### Data under study
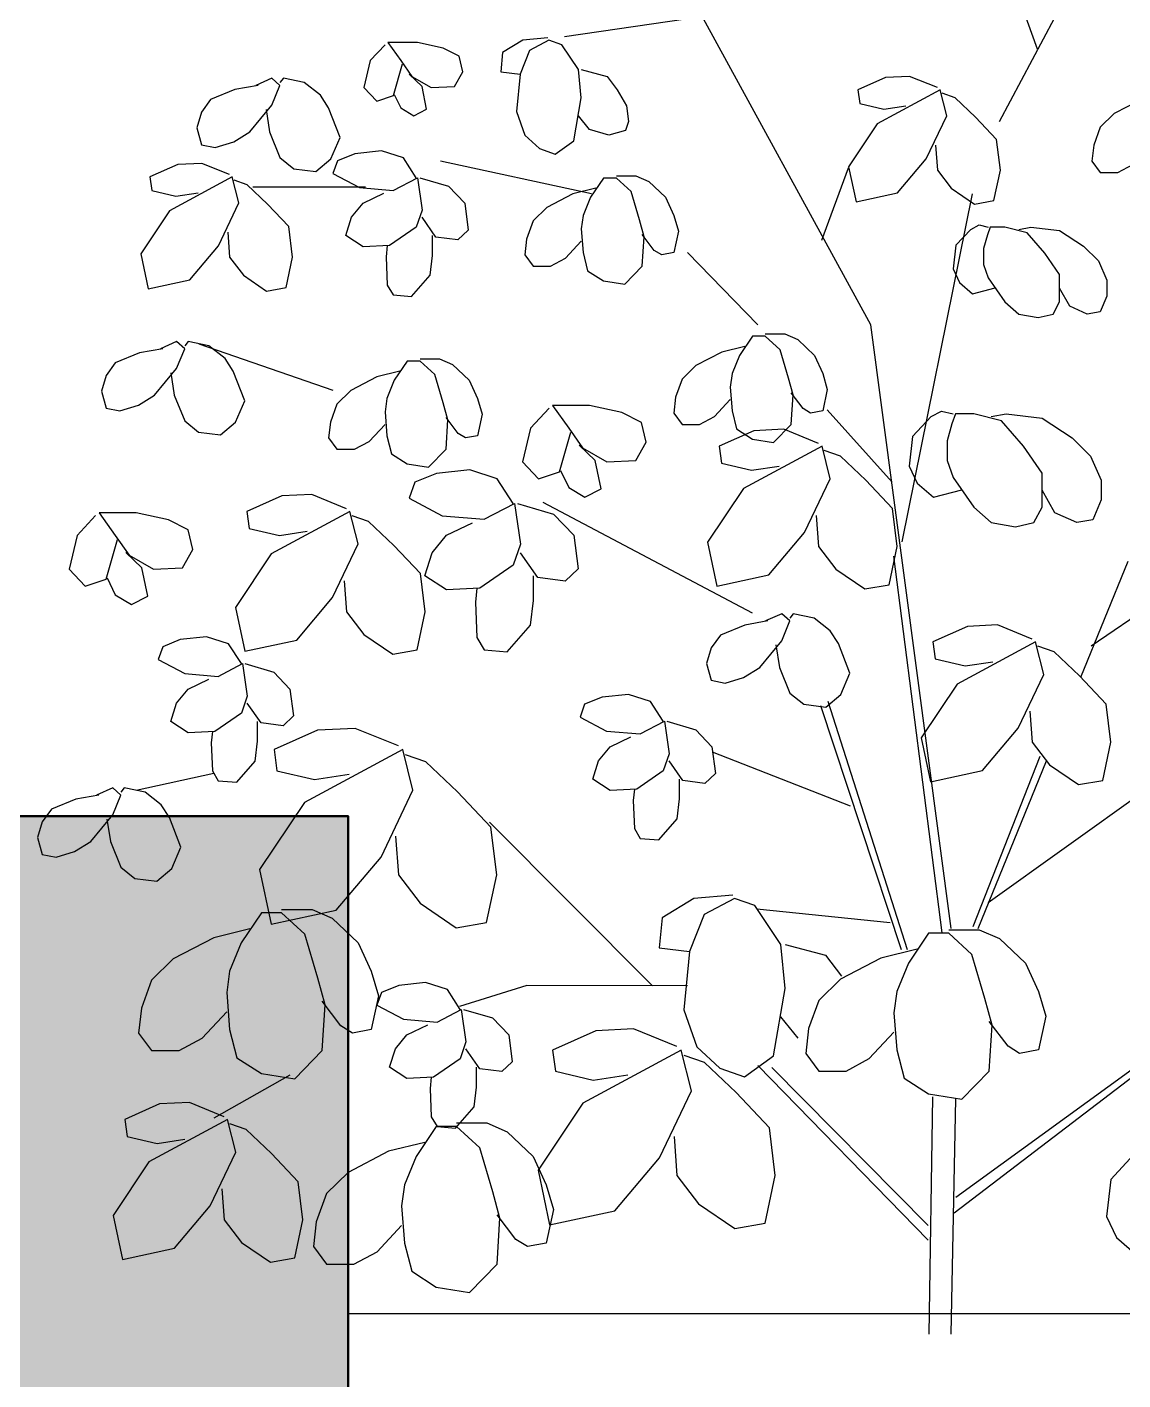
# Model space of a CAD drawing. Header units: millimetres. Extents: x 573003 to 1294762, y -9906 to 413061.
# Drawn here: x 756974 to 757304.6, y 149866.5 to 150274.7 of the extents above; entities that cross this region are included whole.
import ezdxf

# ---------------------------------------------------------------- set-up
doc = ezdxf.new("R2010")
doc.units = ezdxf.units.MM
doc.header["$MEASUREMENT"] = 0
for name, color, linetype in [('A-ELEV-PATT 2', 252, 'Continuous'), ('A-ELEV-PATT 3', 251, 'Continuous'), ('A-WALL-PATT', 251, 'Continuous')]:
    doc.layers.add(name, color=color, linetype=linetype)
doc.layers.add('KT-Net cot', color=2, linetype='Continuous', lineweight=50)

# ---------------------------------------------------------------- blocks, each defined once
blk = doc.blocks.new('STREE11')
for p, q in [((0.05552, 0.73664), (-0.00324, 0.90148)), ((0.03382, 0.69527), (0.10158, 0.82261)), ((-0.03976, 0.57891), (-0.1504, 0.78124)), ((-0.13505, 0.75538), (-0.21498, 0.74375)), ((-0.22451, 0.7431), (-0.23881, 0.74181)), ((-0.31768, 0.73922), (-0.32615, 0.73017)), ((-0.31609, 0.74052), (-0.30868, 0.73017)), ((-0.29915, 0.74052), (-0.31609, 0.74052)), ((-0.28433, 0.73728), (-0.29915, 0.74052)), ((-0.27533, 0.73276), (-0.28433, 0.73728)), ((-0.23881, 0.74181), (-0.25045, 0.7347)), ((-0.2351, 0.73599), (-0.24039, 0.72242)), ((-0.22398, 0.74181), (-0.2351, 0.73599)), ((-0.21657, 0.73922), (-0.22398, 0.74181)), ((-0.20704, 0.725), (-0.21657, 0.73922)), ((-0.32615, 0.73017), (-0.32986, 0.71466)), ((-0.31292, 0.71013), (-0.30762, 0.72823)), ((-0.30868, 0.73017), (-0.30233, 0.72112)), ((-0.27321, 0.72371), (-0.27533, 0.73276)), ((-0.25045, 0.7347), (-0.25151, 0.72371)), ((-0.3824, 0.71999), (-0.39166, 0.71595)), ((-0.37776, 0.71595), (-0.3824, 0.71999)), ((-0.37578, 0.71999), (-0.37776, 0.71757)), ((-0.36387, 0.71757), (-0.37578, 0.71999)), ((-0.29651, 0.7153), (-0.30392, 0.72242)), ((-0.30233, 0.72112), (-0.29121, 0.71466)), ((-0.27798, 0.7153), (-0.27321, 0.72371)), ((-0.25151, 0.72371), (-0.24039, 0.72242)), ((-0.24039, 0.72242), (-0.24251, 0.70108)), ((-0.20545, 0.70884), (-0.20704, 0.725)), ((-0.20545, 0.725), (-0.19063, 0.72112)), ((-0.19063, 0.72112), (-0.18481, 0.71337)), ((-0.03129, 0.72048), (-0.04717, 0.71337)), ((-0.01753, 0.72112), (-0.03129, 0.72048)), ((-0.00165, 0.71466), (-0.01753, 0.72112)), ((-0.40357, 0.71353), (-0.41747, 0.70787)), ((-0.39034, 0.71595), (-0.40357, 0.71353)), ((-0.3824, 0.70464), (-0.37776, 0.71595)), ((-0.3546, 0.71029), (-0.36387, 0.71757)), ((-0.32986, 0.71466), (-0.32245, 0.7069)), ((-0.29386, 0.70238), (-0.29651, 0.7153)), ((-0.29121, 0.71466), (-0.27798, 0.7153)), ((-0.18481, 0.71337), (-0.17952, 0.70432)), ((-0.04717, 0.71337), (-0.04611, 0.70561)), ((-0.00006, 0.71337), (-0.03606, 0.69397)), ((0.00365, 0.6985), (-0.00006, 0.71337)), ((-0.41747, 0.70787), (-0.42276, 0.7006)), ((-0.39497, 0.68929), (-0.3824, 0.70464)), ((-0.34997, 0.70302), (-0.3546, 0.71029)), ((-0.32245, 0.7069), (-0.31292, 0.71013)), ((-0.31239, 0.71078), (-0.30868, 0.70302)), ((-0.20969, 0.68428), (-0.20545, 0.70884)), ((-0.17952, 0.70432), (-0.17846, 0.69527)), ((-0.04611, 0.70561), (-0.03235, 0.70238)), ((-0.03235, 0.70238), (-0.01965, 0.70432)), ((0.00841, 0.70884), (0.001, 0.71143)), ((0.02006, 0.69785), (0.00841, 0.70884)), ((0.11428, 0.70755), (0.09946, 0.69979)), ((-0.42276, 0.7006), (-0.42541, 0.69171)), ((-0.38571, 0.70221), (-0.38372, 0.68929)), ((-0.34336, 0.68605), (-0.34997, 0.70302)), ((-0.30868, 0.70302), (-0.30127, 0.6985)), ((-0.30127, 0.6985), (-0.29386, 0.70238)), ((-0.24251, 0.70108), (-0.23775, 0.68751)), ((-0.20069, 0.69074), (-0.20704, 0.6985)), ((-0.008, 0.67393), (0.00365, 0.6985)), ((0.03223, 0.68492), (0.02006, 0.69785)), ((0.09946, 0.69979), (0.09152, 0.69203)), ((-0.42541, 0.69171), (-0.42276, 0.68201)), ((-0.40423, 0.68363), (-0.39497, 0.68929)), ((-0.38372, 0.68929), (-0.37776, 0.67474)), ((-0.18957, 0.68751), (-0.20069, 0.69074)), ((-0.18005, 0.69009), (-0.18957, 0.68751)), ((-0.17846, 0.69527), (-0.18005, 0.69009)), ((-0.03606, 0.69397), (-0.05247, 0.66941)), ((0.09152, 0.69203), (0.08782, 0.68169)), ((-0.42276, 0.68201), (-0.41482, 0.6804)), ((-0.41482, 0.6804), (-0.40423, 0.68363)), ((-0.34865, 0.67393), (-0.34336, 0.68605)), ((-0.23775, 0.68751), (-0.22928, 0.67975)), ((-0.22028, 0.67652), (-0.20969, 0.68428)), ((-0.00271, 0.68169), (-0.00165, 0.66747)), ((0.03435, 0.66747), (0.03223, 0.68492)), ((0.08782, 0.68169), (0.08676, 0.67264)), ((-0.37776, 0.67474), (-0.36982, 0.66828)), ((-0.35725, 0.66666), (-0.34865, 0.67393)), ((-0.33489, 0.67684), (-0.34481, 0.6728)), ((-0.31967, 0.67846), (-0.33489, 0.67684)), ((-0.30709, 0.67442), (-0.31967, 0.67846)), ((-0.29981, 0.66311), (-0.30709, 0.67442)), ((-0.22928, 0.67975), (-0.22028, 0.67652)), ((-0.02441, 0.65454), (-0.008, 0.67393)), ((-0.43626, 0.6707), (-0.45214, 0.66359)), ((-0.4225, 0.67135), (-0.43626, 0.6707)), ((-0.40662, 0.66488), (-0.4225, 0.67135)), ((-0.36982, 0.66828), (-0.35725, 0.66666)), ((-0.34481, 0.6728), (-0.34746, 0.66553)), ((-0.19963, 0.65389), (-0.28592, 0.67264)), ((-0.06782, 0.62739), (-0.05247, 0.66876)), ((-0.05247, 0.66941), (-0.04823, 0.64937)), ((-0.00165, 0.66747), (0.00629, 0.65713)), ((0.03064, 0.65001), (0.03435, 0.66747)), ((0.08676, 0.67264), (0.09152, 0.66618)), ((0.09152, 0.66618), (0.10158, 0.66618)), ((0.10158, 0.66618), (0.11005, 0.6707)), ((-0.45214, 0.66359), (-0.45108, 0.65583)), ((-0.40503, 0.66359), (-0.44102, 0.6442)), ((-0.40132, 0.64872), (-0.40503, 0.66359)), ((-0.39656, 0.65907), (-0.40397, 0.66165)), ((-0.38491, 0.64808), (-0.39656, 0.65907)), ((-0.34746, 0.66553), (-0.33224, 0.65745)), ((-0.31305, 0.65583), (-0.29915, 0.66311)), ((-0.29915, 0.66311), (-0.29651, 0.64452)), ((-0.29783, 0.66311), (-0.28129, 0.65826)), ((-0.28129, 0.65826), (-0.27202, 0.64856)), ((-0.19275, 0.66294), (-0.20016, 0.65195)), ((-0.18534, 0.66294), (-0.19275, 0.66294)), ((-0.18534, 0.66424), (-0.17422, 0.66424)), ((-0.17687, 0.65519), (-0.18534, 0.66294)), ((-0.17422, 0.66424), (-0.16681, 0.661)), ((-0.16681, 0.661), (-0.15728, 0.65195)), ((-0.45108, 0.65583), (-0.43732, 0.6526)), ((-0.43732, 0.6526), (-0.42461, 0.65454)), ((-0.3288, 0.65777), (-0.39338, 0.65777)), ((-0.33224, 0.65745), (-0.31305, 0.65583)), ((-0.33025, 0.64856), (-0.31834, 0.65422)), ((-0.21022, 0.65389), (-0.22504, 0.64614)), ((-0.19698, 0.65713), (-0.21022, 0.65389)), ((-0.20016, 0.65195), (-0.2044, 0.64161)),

### Work to be completed
Of the lines above, output exactly those from the line bearing "import ezdxf" through the line bearing "blk = doc.blocks.new('STREE11')", inclusive.

### Output for this task
import ezdxf

# ---------------------------------------------------------------- set-up
doc = ezdxf.new("R2010")
doc.units = ezdxf.units.MM
doc.header["$MEASUREMENT"] = 0
for name, color, linetype in [('A-ELEV-PATT 2', 252, 'Continuous'), ('A-ELEV-PATT 3', 251, 'Continuous'), ('A-WALL-PATT', 251, 'Continuous')]:
    doc.layers.add(name, color=color, linetype=linetype)
doc.layers.add('KT-Net cot', color=2, linetype='Continuous', lineweight=50)

# ---------------------------------------------------------------- blocks, each defined once
blk = doc.blocks.new('STREE11')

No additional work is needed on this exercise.